The prevailing thought has been that mechanisms of cutaneous vasodilatation during passive heat stress and sustained dynamic exercise are the same, or very similar.
Nitric oxide (NO) has been shown to be important for increasing skin blood flow during passive heat stress but it is unknown if this molecule is also involved during sustained dynamic exercise.
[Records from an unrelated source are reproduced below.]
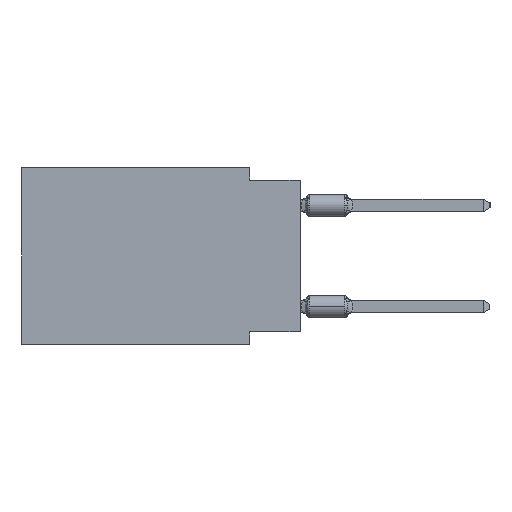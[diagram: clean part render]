
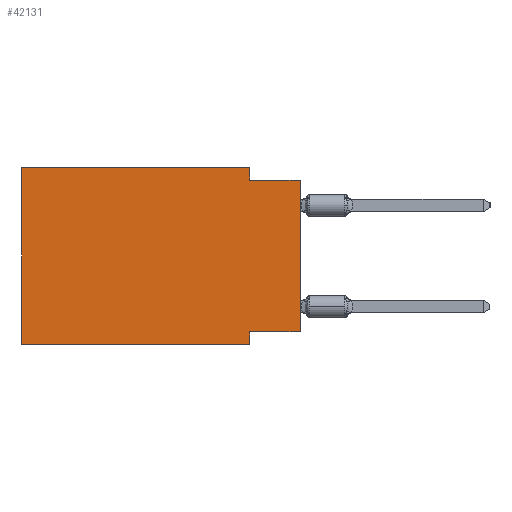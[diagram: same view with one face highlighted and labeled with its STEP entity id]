
A CAD part, left-side view. The second image highlights one B-rep face of the part: STEP entity #42131.
In plain terms, the highlighted planar face has unit normal (-1, 0, 0).
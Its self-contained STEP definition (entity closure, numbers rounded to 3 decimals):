
#470 = CARTESIAN_POINT ( 'NONE',  ( 0., 0., -0.635 ) ) ;
#1975 = EDGE_LOOP ( 'NONE', ( #9422, #24958, #17275, #28238, #48487, #33577, #10560, #16263 ) ) ;
#4531 = CARTESIAN_POINT ( 'NONE',  ( 0., 2.54, -0.635 ) ) ;
#4705 = LINE ( 'NONE', #26270, #33562 ) ;
#6269 = CARTESIAN_POINT ( 'NONE',  ( 0., 13.97, -8.89 ) ) ;
#7363 = VECTOR ( 'NONE', #19136, 1000. ) ;
#8361 = LINE ( 'NONE', #47445, #15588 ) ;
#9422 = ORIENTED_EDGE ( 'NONE', *, *, #51911, .T. ) ;
#10136 = LINE ( 'NONE', #19327, #25447 ) ;
#10152 = CARTESIAN_POINT ( 'NONE',  ( 0., 13.97, -8.89 ) ) ;
#10560 = ORIENTED_EDGE ( 'NONE', *, *, #51769, .F. ) ;
#11663 = EDGE_CURVE ( 'NONE', #12012, #49398, #8361, .T. ) ;
#12012 = VERTEX_POINT ( 'NONE', #46805 ) ;
#13259 = CARTESIAN_POINT ( 'NONE',  ( 0., 2.54, 0. ) ) ;
#14171 = PLANE ( 'NONE',  #43434 ) ;
#14712 = LINE ( 'NONE', #54032, #48897 ) ;
#15588 = VECTOR ( 'NONE', #43126, 1000. ) ;
#16263 = ORIENTED_EDGE ( 'NONE', *, *, #56775, .F. ) ;
#16591 = DIRECTION ( 'NONE',  ( 0., -1., 0. ) ) ;
#16675 = EDGE_CURVE ( 'NONE', #49398, #27159, #10136, .T. ) ;
#17275 = ORIENTED_EDGE ( 'NONE', *, *, #16675, .F. ) ;
#18286 = LINE ( 'NONE', #470, #7363 ) ;
#18492 = VERTEX_POINT ( 'NONE', #43971 ) ;
#18942 = EDGE_CURVE ( 'NONE', #27159, #18492, #18286, .T. ) ;
#19136 = DIRECTION ( 'NONE',  ( 0., -1., 0. ) ) ;
#19327 = CARTESIAN_POINT ( 'NONE',  ( 0., 2.54, 0. ) ) ;
#19775 = VERTEX_POINT ( 'NONE', #43711 ) ;
#20799 = CARTESIAN_POINT ( 'NONE',  ( 0., 2.54, -8.255 ) ) ;
#22785 = FACE_OUTER_BOUND ( 'NONE', #1975, .T. ) ;
#23064 = CARTESIAN_POINT ( 'NONE',  ( 0., 13.97, 0. ) ) ;
#23942 = LINE ( 'NONE', #41167, #31724 ) ;
#24958 = ORIENTED_EDGE ( 'NONE', *, *, #18942, .F. ) ;
#25447 = VECTOR ( 'NONE', #28507, 1000. ) ;
#26270 = CARTESIAN_POINT ( 'NONE',  ( 0., 2.54, -8.89 ) ) ;
#27159 = VERTEX_POINT ( 'NONE', #4531 ) ;
#28117 = LINE ( 'NONE', #6269, #28930 ) ;
#28238 = ORIENTED_EDGE ( 'NONE', *, *, #11663, .F. ) ;
#28507 = DIRECTION ( 'NONE',  ( 0., 0., -1. ) ) ;
#28930 = VECTOR ( 'NONE', #16591, 1000. ) ;
#31267 = CARTESIAN_POINT ( 'NONE',  ( 0., 0., -8.255 ) ) ;
#31724 = VECTOR ( 'NONE', #36584, 1000. ) ;
#32233 = DIRECTION ( 'NONE',  ( 0., 0., 1. ) ) ;
#33562 = VECTOR ( 'NONE', #52659, 1000. ) ;
#33577 = ORIENTED_EDGE ( 'NONE', *, *, #51169, .T. ) ;
#33613 = VECTOR ( 'NONE', #56532, 1000. ) ;
#36584 = DIRECTION ( 'NONE',  ( 0., 0., 1. ) ) ;
#37081 = VERTEX_POINT ( 'NONE', #20799 ) ;
#38921 = VERTEX_POINT ( 'NONE', #10152 ) ;
#40611 = VERTEX_POINT ( 'NONE', #44317 ) ;
#41167 = CARTESIAN_POINT ( 'NONE',  ( 0., 0., 0. ) ) ;
#42131 = ADVANCED_FACE ( 'NONE', ( #22785 ), #14171, .F. ) ;
#43126 = DIRECTION ( 'NONE',  ( 0., -1., 0. ) ) ;
#43434 = AXIS2_PLACEMENT_3D ( 'NONE', #23064, #44037, #44611 ) ;
#43711 = CARTESIAN_POINT ( 'NONE',  ( 0., 0., -8.255 ) ) ;
#43908 = LINE ( 'NONE', #31267, #33613 ) ;
#43971 = CARTESIAN_POINT ( 'NONE',  ( 0., 0., -0.635 ) ) ;
#44037 = DIRECTION ( 'NONE',  ( 1., 0., 0. ) ) ;
#44317 = CARTESIAN_POINT ( 'NONE',  ( 0., 2.54, -8.89 ) ) ;
#44611 = DIRECTION ( 'NONE',  ( 0., 0., -1. ) ) ;
#46805 = CARTESIAN_POINT ( 'NONE',  ( 0., 13.97, 0. ) ) ;
#47445 = CARTESIAN_POINT ( 'NONE',  ( 0., 13.97, 0. ) ) ;
#48487 = ORIENTED_EDGE ( 'NONE', *, *, #53522, .F. ) ;
#48897 = VECTOR ( 'NONE', #32233, 1000. ) ;
#49398 = VERTEX_POINT ( 'NONE', #13259 ) ;
#51169 = EDGE_CURVE ( 'NONE', #38921, #40611, #28117, .T. ) ;
#51769 = EDGE_CURVE ( 'NONE', #37081, #40611, #4705, .T. ) ;
#51911 = EDGE_CURVE ( 'NONE', #19775, #18492, #23942, .T. ) ;
#52659 = DIRECTION ( 'NONE',  ( 0., 0., -1. ) ) ;
#53522 = EDGE_CURVE ( 'NONE', #38921, #12012, #14712, .T. ) ;
#54032 = CARTESIAN_POINT ( 'NONE',  ( 0., 13.97, 0. ) ) ;
#56532 = DIRECTION ( 'NONE',  ( 0., 1., 0. ) ) ;
#56775 = EDGE_CURVE ( 'NONE', #19775, #37081, #43908, .T. ) ;

The findings from our study suggest NO is involved in increasing skin blood flow during sustained dynamic exercise in humans but the NO is produced from a different enzyme compared to passive heat stress.
These findings may help us better understand and aid individuals who have difficulty regulating their body temperature during sustained dynamic exercise (e.g. ageing).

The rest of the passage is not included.